Several trade incentives available to the African countries including, African Growth and Opportunity Act (AGOA), the Cotonou Agreement with the European Union, and the Southern African Customs Union (SACU) agreement, help in the revival of the African textile and apparel industry.
The textile and apparel industry in Sub-Saharan Africa has high potential for investments mainly due to the duty free access to the traditional markets such as the US and the EU, according to industry representatives.
In a conversation with fibre2fahion, Mr. Rajeev Arora, executive director of African Cotton & Textiles Industries Federation, said, “There are several openings for investors to get involved in spinning, weaving, knitting, dyeing and finishing. This is in spite of the fact that many Sub-Sahara African states can use third country fabrics to make garments that they export to the US and the EU.”

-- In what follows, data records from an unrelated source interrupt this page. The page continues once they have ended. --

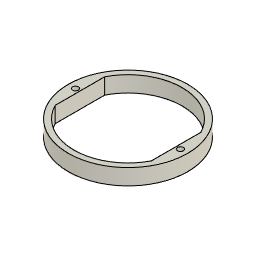
Electrical Box Spacers (Autodesk Fusion 360 design; units mm, degrees)
Autodesk Fusion 360 part; units mm, degrees
sketch "Base" plane through (0, 0, 0) normal (0, 0, 1) x (1, 0, 0) in component "Spacer (9mm)"
  circle A0 centre (0, 0) radius 33.85
  circle A1 centre (0, 0) radius 30.65
  circle A2 centre (-29.75, 0) radius 1.65
  circle A3 centre (29.75, 0) radius 1.65
  line L0 (-27.25, 14.0307) -> (-27.25, -14.0307)
  line L1 (27.25, 14.0307) -> (27.25, -14.0307)
  dimension "d1" = 67.7
  dimension "d2" = 61.3
  dimension "d3" = 3.3
  dimension "d4" = 29.75
  dimension "d5" = 3.3
  dimension "d6" = 29.75
  dimension "d7" = 27.25
  dimension "d8" = 27.25
  constraint coincident A0.centre A1.centre
  constraint concentric A0 A1
  constraint coincident A1 L0.start
  constraint coincident A1 L0.end
  constraint vertical L0
  constraint coincident A1 L1.start
  constraint coincident A1 L1.end
  constraint vertical L1
  measures "d1" diameter of A0
  measures "d2" diameter of A1
  measures "d3" diameter of A2
  measures "d4" distance of A0.centre A2.centre
  measures "d5" diameter of A3
  measures "d6" distance of A0.centre A3.centre
  measures "d7" distance of A0.centre L0
  measures "d8" distance of A0.centre L1
extrude "Extrude1" add sketch "Base" along normal blind 9 contours A0 | A1 A3 L1 | A1 A2 L0 in component "Spacer (9mm)"
component "Electrical Box Spacers" placed x (1, 0, 0) y (0, 1, 0) z (0, 0, 1) at (0, 0, 0)
component "Spacer (9mm)" placed x (1, 0, 0) y (0, 1, 0) z (0, 0, 1) at (0, 0, 0) in component "Electrical Box Spacers"
named bodies: "Spacer (9mm)"

“Similarly, there are also opportunities to locate apparel manufacturing plants in selected Sub-Sahara African states,” he adds.
A recent research report by the Botswana Institute for Development Policy Analysis (BIDPA) states “Botswana’s textile and garment industry has benefitted from trade preferences and it did not perform well after the financial crisis in the US and the EU.”
Botswana established the textile and clothing industry during the period 1980-90 and the sector expanded rapidly as a result of the trade preferences available to it under the Southern African Customs Union (SACU) agreement, the Cotonou Agreement and the African Growth and Opportunity Act (AGOA).
The textile and garment sector of Botswana grew by making use of a number of policies including protective tariffs, quotas and export incentives. Furthermore, the preferential trade regimes put in place by the US, the EU and SACU were crucial to the economic growth and development of the country, the research report says.
According to the International Manufacturers Federation, the total apparel exports from Africa under the duty free quota free exports to the US in 2012 were about US$ 2 billion.
The official statistics from the US Department of Commerce states that Sub-Sahara African countries, including Lesotho, Mauritius and Kenya, exported textiles and garments worth US$ 815.310 million under AGOA in 2012.